Hunter-Funded Wildlife Agency Quietly Announced Before BC Election

Steve Thomson, Former Minister of Forests, Lands and Natural Resource Operations announcing the new wildlife agency proposal on March 22, 2017.

By Judith Lavoie.  This article is from DeSmog Canada.

A plan to form a new, independent wildlife management agency in B.C., which would relieve the provincial government from managing contentious wildlife issues such as grizzly, wolf and caribou populations, is generating anxiety among some conservation groups who fear the structure of the new program could prioritize the interests of hunters over wildlife.

The proposal for the new agency, first announced in March, was scant on details, but Steve Thomson, then minister of Forests, Lands and Natural Resource Operations, set a fall start-up date and set aside $200,000 for consultations with conservation and hunting groups.

“Government is afraid to manage wolves, for example, or afraid to manage grizzly bears in some cases because of the politics of that,” then energy and mines minister Bill Bennett, an avid hunter and supporter of the controversial grizzly bear trophy hunt, told an East Kootenay radio station.

“Hopefully an agency that is separate from government can make decisions that are in the best long-term interest of wildlife and just forget about the politics and do what is best for the animals,” Bennett said.

According to Thomson, the agency would receive an initial government investment of $5 million and be further funded by hunting licence revenues to the tune of $9 to $10 million annually — money which currently goes into general revenue.

The plan was welcomed by hunters as a way to increase funding for cash-strapped conservation and management programs

The NDP previously tabled a bill calling for dedicated conservation funding, so, in the flurry of pre-election announcements, the plan didn’t get much attention, even though Thomson was flanked by representatives of pro-hunting groups as he made the announcement.

Then, days before the election, five of B.C.’s pro-hunting and trapping organizations — B.C. Wildlife Federation, Guide Outfitters Association of B.C, Wild Sheep Society of B.C, Wildlife Stewardship Council and the B.C. Trappers Association — announced they had signed a memorandum of understanding to work together.

“The collaborative efforts of our five organizations will help ensure the province follows through on its commitment to enhance wildlife management,” Jim Glaicair, president of the 50,000-member B.C. Wildlife Federation, said in a news release.

The organizations emphasized that the MOU was sparked by concern about the ongoing decline of wildlife.

“This is a great opportunity for our organizations to work together for the betterment of wildlife in the province,” said Michael Schneider, Guide Outfitters Association of B.C president.

Hunter-Funded Wildlife Management ‘Huge Step Backwards’

But to other groups and especially those waiting to see whether the new government will stop the grizzly hunt, the MOU appeared to indicate a pro-hunting team lining up to take over the new agency.

Alan Burger, president of B.C. Nature, which represents 53 clubs, with a total of more than 6,000 members, said in an interview that it is a major concern that the only people rooting for the new agency appear to be hunters and trappers.

“If they can dominate an agency like this it is going to be a huge step backwards,” Burger told DeSmog Canada.

“The last thing we need is greater emphasis on big game.

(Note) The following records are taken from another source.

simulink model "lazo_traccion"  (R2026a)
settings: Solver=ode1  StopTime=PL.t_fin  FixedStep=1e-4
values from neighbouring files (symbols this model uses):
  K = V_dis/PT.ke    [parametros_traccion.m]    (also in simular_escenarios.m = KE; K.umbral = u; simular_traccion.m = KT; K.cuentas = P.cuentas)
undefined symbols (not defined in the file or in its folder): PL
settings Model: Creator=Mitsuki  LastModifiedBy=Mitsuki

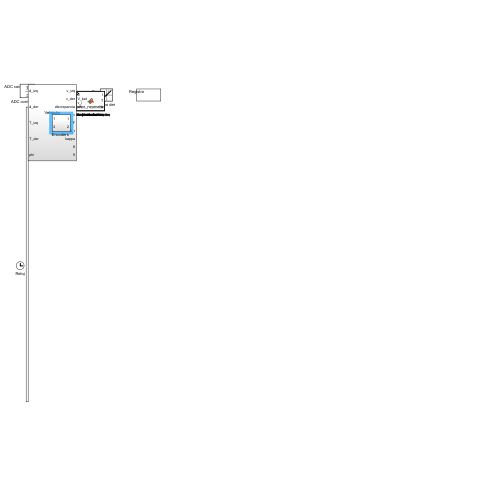
[thumbnail: Simulink's stored preview of the top-level diagram]
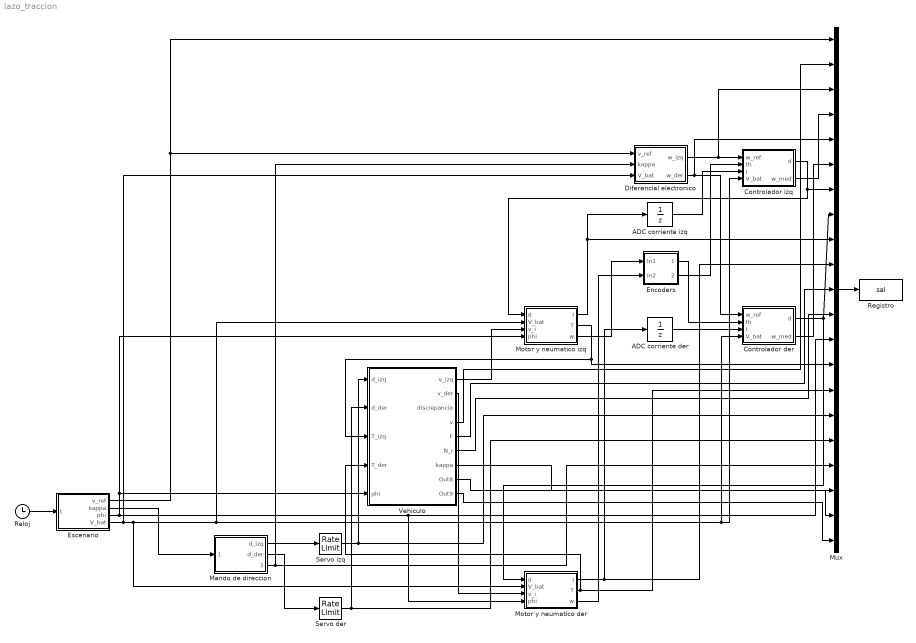
== system lazo_traccion ==
  ADC corriente der : UnitDelay  SampleTime=K.Ts
  ADC corriente izq : UnitDelay  SampleTime=K.Ts
  Controlador der : MATLAB Function  TreatAsAtomicUnit=on
  Controlador izq : MATLAB Function  TreatAsAtomicUnit=on
  Diferencial electronico : MATLAB Function  TreatAsAtomicUnit=on
  Encoders : Subsystem
  Escenario : MATLAB Function  TreatAsAtomicUnit=on
  Mando de direccion : MATLAB Function  TreatAsAtomicUnit=on
  Motor y neumatico der : MATLAB Function  TreatAsAtomicUnit=on
  Motor y neumatico izq : MATLAB Function  TreatAsAtomicUnit=on
  Mux : Mux  Inputs=21
  Registro : ToWorkspace  VariableName=sal  SampleTime=0.002
  Reloj : Clock
  Servo der : RateLimiter  RisingSlewLimit=PL.w_servo  FallingSlewLimit=-PL.w_servo  SampleTimeMode=inherited
  Servo izq : RateLimiter  RisingSlewLimit=PL.w_servo  FallingSlewLimit=-PL.w_servo  SampleTimeMode=inherited
  Vehiculo : Subsystem
  wires:
  Mando de direccion/2(d_der) -> Servo der/1
  Reloj/1 -> Escenario/1(t)
  Escenario/1(v_ref) -> Mux/1, Diferencial electronico/1(v_ref)
  Motor y neumatico izq/3(w) -> Encoders/1(In1)
  Mando de direccion/1(d_izq) -> Servo izq/1
  Diferencial electronico/2(w_der) -> Mux/5, Controlador der/1(w_ref)
  Escenario/2(kappa) -> Mando de direccion/1(kappa_ref)
  Escenario/3(phi) -> Motor y neumatico der/4(phi), Mux/13, Motor y neumatico izq/4(phi), Vehiculo/5(phi)
  Escenario/4(V_bat) -> Controlador izq/4(V_bat), Controlador der/4(V_bat), Motor y neumatico izq/2(V_bat), Motor y neumatico der/2(V_bat), Diferencial electronico/3(V_bat)
  Mando de direccion/3(kappa_fw) -> Diferencial electronico/2(kappa), Mux/18
  ADC corriente izq/1 -> Controlador izq/3(I)
  Vehiculo/5(F) -> Mux/11
  Servo izq/1 -> Vehiculo/1(d_izq), Mux/16
  Servo der/1 -> Mux/17, Vehiculo/2(d_der)
  Vehiculo/1(v_izq) -> Motor y neumatico izq/3(v_i)
  Motor y neumatico der/2(T) -> Vehiculo/4(T_der), Mux/15
  Vehiculo/2(v_der) -> Motor y neumatico der/3(v_i)
  Vehiculo/4(v) -> Mux/2
  Vehiculo/6(N_r) -> Mux/12
  Vehiculo/7(kappa) -> Mux/19
  Vehiculo/8(Out8) -> Mux/20
  ADC corriente der/1 -> Controlador der/3(I)
  Vehiculo/9(Out9) -> Mux/21
  Motor y neumatico izq/1(I) -> Mux/9, ADC corriente izq/1
  Motor y neumatico izq/2(T) -> Vehiculo/3(T_izq), Mux/14
  Mux/1 -> Registro/1
  Motor y neumatico der/1(I) -> Mux/10, ADC corriente der/1
  Motor y neumatico der/3(w) -> Encoders/2(In2)
  Diferencial electronico/1(w_izq) -> Mux/3, Controlador izq/1(w_ref)
  Encoders/1(Out1) -> Controlador der/2(th)
  Encoders/2(Out2) -> Controlador izq/2(th)
  Controlador der/1(d) -> Motor y neumatico der/1(d), Mux/8
  Controlador izq/1(d) -> Mux/7, Motor y neumatico izq/1(d)
  Controlador der/2(w_med) -> Mux/6
  Controlador izq/2(w_med) -> Mux/4

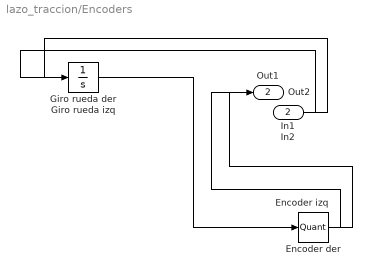
== system lazo_traccion/Encoders ==
  In1 : Inport
  In2 : Inport  Port=2
  Encoder der : Quantizer  QuantizationInterval=2*pi/PL.cuentas
  Encoder izq : Quantizer  QuantizationInterval=2*pi/PL.cuentas
  Giro rueda der : Integrator
  Giro rueda izq : Integrator
  Out1 : Outport
  Out2 : Outport  Port=2
  wires:
  Encoder izq/1 -> Out2/1
  Giro rueda izq/1 -> Encoder izq/1
  Giro rueda der/1 -> Encoder der/1
  Encoder der/1 -> Out1/1
  In1/1 -> Giro rueda izq/1
  In2/1 -> Giro rueda der/1

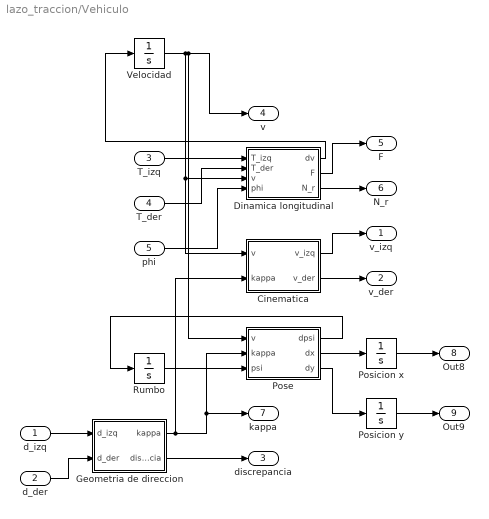
== system lazo_traccion/Vehiculo ==
  d_izq : Inport
  d_der : Inport  Port=2
  T_izq : Inport  Port=3
  T_der : Inport  Port=4
  phi : Inport  Port=5
  Cinematica : MATLAB Function  TreatAsAtomicUnit=on
  Dinamica longitudinal : MATLAB Function  TreatAsAtomicUnit=on
  Geometria de direccion : MATLAB Function  TreatAsAtomicUnit=on
  Pose : MATLAB Function  TreatAsAtomicUnit=on
  Posicion x : Integrator
  Posicion y : Integrator
  Rumbo : Integrator
  Velocidad : Integrator
  v_izq : Outport
  v_der : Outport  Port=2
  discrepancia : Outport  Port=3
  v : Outport  Port=4
  F : Outport  Port=5
  N_r : Outport  Port=6
  kappa : Outport  Port=7
  Out8 : Outport  Port=8
  Out9 : Outport  Port=9
  wires:
  phi/1 -> Dinamica longitudinal/4(phi)
  T_der/1 -> Dinamica longitudinal/2(T_der)
  T_izq/1 -> Dinamica longitudinal/1(T_izq)
  d_der/1 -> Geometria de direccion/2(d_der)
  d_izq/1 -> Geometria de direccion/1(d_izq)
  Velocidad/1 -> Dinamica longitudinal/3(v), Cinematica/1(v), Pose/1(v), v/1
  Rumbo/1 -> Pose/3(psi)
  Geometria de direccion/1(kappa) -> Pose/2(kappa), kappa/1, Cinematica/2(kappa)
  Geometria de direccion/2(discrepancia) -> discrepancia/1
  Dinamica longitudinal/1(dv) -> Velocidad/1
  Dinamica longitudinal/2(F) -> F/1
  Dinamica longitudinal/3(N_r) -> N_r/1
  Cinematica/1(v_izq) -> v_izq/1
  Cinematica/2(v_der) -> v_der/1
  Pose/1(dpsi) -> Rumbo/1
  Posicion y/1 -> Out9/1
  Pose/2(dx) -> Posicion x/1
  Posicion x/1 -> Out8/1
  Pose/3(dy) -> Posicion y/1

== matlab function lazo_traccion/Vehiculo/Cinematica ==
  data: v input; v_izq output; kappa input; v_der output; PL parameter
function [v_izq, v_der] = cinematica(v, kappa, PL)
% Velocidad del centro de cada rueda posterior (vía trasera PL.t)
v_izq = v*(1 - PL.t*kappa/2);
v_der = v*(1 + PL.t*kappa/2);

== matlab function lazo_traccion/Vehiculo/Dinamica longitudinal ==
  data: T_izq input; dv output; T_der input; v input; phi input; F output; N_r output; PL parameter
function [dv, F, N_r] = dinamica(T_izq, T_der, v, phi, PL)
% Equilibrio longitudinal de 505 con la masa de diseño
c = cosd(phi); s = sind(phi);
F = (T_izq + T_der)/PL.r;
F_rr = PL.fr*PL.m*PL.g*c*tanh(v/0.01);
dv = (F - PL.m*PL.g*s - F_rr)/(PL.m + 2*PL.J_rueda/PL.r^2);
N_f = (PL.m*PL.g*c*PL.Lcm - PL.m*PL.g*s*PL.hcm - PL.m*dv*PL.hcm)/PL.L;
N_r = PL.m*PL.g*c - N_f;

== matlab function lazo_traccion/Vehiculo/Pose ==
  data: v input; dpsi output; kappa input; psi input; dx output; dy output
function [dpsi, dx, dy] = pose(v, kappa, psi)
% Trayectoria del centro del eje posterior en el plano
dpsi = v*kappa;
dx = v*cos(psi);
dy = v*sin(psi);

== matlab function lazo_traccion/Mando de direccion ==
  settings: updateMethod=DISCRETE  sampleTime=K.Ts
  data: kappa_ref input; d_izq output; d_der output; kappa_fw output; K parameter
function [d_izq, d_der, kappa_fw] = mando_direccion(kappa_ref, K)
% Ackermann: ángulos de las ruedas frontales para la curvatura pedida, con la
% velocidad de cada consigna limitada a la del servo. kappa_fw es la curvatura que
% corresponde a esas consignas y la usa el diferencial electrónico.
persistent a_izq a_der
if isempty(a_izq), a_izq = 0; a_der = 0; end
kap = min(max(kappa_ref, -K.kappa_max), K.kappa_max);
obj_izq = atand(K.L*kap/(1 - K.b*kap/2));
obj_der = atand(K.L*kap/(1 + K.b*kap/2));
if K.w_servo > 0
    paso = K.w_servo*K.Ts;
    a_izq = a_izq + min(max(obj_izq - a_izq, -paso), paso);
    a_der = a_der + min(max(obj_der - a_der, -paso), paso);
else
    a_izq = obj_izq; a_der = obj_der;
end
d_izq = a_izq; d_der = a_der;
ti = tand(a_izq); td = tand(a_der);
kappa_fw = 0.5*(ti/(K.L + K.b*ti/2) + td/(K.L - K.b*td/2));

== matlab function lazo_traccion/Escenario ==
  data: t input; v_ref output; kappa output; phi output; V_bat output; PL parameter
function [v_ref, kappa, phi, V_bat] = escenario(t, PL)
% Velocidad en rampa de PL.a_ref hasta PL.v_nom; curvatura pedida por tramos
v_ref = min(PL.v_nom, PL.a_ref*max(0, t - PL.t_arr));
kappa = 0;
if t >= PL.giro(1) && t < PL.giro(2), kappa = PL.giro(3); end
if t >= PL.giro2(1) && t < PL.giro2(2), kappa = PL.giro2(3); end
phi = PL.pend0;
if t >= PL.pend_t(1), phi = PL.pend_t(2); end
V_bat = PL.V_bat;

== matlab function lazo_traccion/Diferencial electronico ==
  settings: updateMethod=DISCRETE  sampleTime=K.Ts
  data: v_ref input; w_izq output; kappa input; V_bat input; w_der output; K parameter; PL parameter
function [w_izq, w_der] = diferencial(v_ref, kappa, V_bat, K, PL)
% Velocidades de las ruedas posteriores para virar sin arrastre (505), con la vía trasera.
% Si la rueda exterior pediría más velocidad de la que el motor da con la tensión
% disponible, se reduce la velocidad de avance.
if K.limitar_curva > 0.5
    V_ef = min(K.V_mot, K.d_max_abs*V_bat);
    w_lim = (V_ef - K.R*K.I_plano)/K.ke;
    v_ref = min(v_ref, w_lim*K.r/(1 + K.t*abs(kappa)/2));
end
if PL.diferencial > 0.5
    w_izq = v_ref*(1 - K.t*kappa/2)/K.r;
    w_der = v_ref*(1 + K.t*kappa/2)/K.r;
else
    w_izq = v_ref/K.r; w_der = w_izq;
end

== matlab function lazo_traccion/Controlador izq ==
  settings: updateMethod=DISCRETE  sampleTime=K.Ts
  data: w_ref input; d output; th input; I input; V_bat input; w_med output; K parameter
function [d, w_med] = controlador_rueda(w_ref, th, I, V_bat, K)
% PI de velocidad de una rueda posterior (Arduino, cada K.Ts).
%   th: giro de la rueda contado por el encoder del motor [rad]; I: salida CS [A]
persistent th_ant xi
if isempty(th_ant), th_ant = th; xi = 0; end
w_med = (th - th_ant)/K.Ts;
th_ant = th;
e = w_ref - w_med;
d_max = min(K.d_max_abs, K.V_mot/V_bat);   % motor de 24 V con batería de hasta 29.4 V (603)
u = K.Kp*e + xi;
exceso = max(0, abs(I) - K.I_lim);          % límite de corriente de 8 A (603)
u = u - sign(u)*K.Kc*exceso;
d = min(max(u, -d_max), d_max);
if (abs(u) < d_max || sign(e) ~= sign(u)) && exceso == 0
    xi = xi + K.Ki*K.Ts*e;
end

== matlab function lazo_traccion/Controlador der ==
  settings: updateMethod=DISCRETE  sampleTime=K.Ts
  data: w_ref input; d output; th input; I input; V_bat input; w_med output; K parameter
function [d, w_med] = controlador_rueda(w_ref, th, I, V_bat, K)
% PI de velocidad de una rueda posterior (Arduino, cada K.Ts).
%   th: giro de la rueda contado por el encoder del motor [rad]; I: salida CS [A]
persistent th_ant xi
if isempty(th_ant), th_ant = th; xi = 0; end
w_med = (th - th_ant)/K.Ts;
th_ant = th;
e = w_ref - w_med;
d_max = min(K.d_max_abs, K.V_mot/V_bat);   % motor de 24 V con batería de hasta 29.4 V (603)
u = K.Kp*e + xi;
exceso = max(0, abs(I) - K.I_lim);          % límite de corriente de 8 A (603)
u = u - sign(u)*K.Kc*exceso;
d = min(max(u, -d_max), d_max);
if (abs(u) < d_max || sign(e) ~= sign(u)) && exceso == 0
    xi = xi + K.Ki*K.Ts*e;
end

== matlab function lazo_traccion/Motor y neumatico izq ==
  data: d input; I output; V_bat input; v_i input; phi input; T output; w output; PL parameter
function [I, T, w] = motor_neumatico(d, V_bat, v_i, phi, PL)
% Motorreductor con puente H (valores medios, sin inductancia) que mueve una
% rueda posterior con deslizamiento longitudinal lineal hasta mu·N.
c = cosd(phi); s = sind(phi);
N_r = PL.m*PL.g*c - (PL.m*PL.g*c*PL.Lcm - PL.m*PL.g*s*PL.hcm)/PL.L;
N_i = N_r/2;
F_max = PL.mu*N_i;
vr = max(abs(v_i), PL.v_min);
C = F_max/PL.s_pico;
a0 = PL.kt*(d*V_bat/PL.R - PL.I0*tanh(v_i/0.05));
a1 = PL.kt*PL.ke/PL.R;
w = (a0 + C*PL.r*v_i/vr)/(a1 + C*PL.r^2/vr);
F = C*(w*PL.r - v_i)/vr;
if abs(F) > F_max
    F = sign(F)*F_max;
    w = (a0 - F*PL.r)/a1;
end
I = (d*V_bat - PL.ke*w)/PL.R;
T = F*PL.r;

== matlab function lazo_traccion/Motor y neumatico der ==
  data: d input; I output; V_bat input; v_i input; phi input; T output; w output; PL parameter
function [I, T, w] = motor_neumatico(d, V_bat, v_i, phi, PL)
% Motorreductor con puente H (valores medios, sin inductancia) que mueve una
% rueda posterior con deslizamiento longitudinal lineal hasta mu·N.
c = cosd(phi); s = sind(phi);
N_r = PL.m*PL.g*c - (PL.m*PL.g*c*PL.Lcm - PL.m*PL.g*s*PL.hcm)/PL.L;
N_i = N_r/2;
F_max = PL.mu*N_i;
vr = max(abs(v_i), PL.v_min);
C = F_max/PL.s_pico;
a0 = PL.kt*(d*V_bat/PL.R - PL.I0*tanh(v_i/0.05));
a1 = PL.kt*PL.ke/PL.R;
w = (a0 + C*PL.r*v_i/vr)/(a1 + C*PL.r^2/vr);
F = C*(w*PL.r - v_i)/vr;
if abs(F) > F_max
    F = sign(F)*F_max;
    w = (a0 - F*PL.r)/a1;
end
I = (d*V_bat - PL.ke*w)/PL.R;
T = F*PL.r;

== matlab function lazo_traccion/Vehiculo/Geometria de direccion ==
  data: d_izq input; kappa output; d_der input; discrepancia output; PL parameter
function [kappa, discrepancia] = geometria(d_izq, d_der, PL)
% Curvatura que imponen los ángulos reales de las ruedas frontales. Si no cumplen
% Ackermann, cada rueda pide una curvatura distinta y la diferencia se arrastra.
ti = tand(d_izq); td = tand(d_der);
k_izq = ti/(PL.L + PL.b*ti/2);
k_der = td/(PL.L - PL.b*td/2);
kappa = 0.5*(k_izq + k_der);
discrepancia = k_izq - k_der;

We need to focus our attention on the ecosystem,” he said, questioning how the proposal could get so far without consultation.

“Hunting and fishing licences are an important source of revenue and B.C. Nature agrees that there should be a greater share contributed to wildlife management,” Burger said.

“But there is much greater input to the B.C. economy from the non-consumptive users of wildlife — the tourism and wildlife watching industry, people selling binoculars, camera gear, field guides, outdoor gear and, most importantly, the vast majority of British Columbians that spend money travelling and camping to simply enjoy seeing animals alive in the wild,” he said.

Valhalla Wilderness Society has come out swinging against the proposed agency, calling it a thinly disguised attempt by the B.C. government to privatize wildlife management and hand over responsibility to hunters, trappers and guide outfitters.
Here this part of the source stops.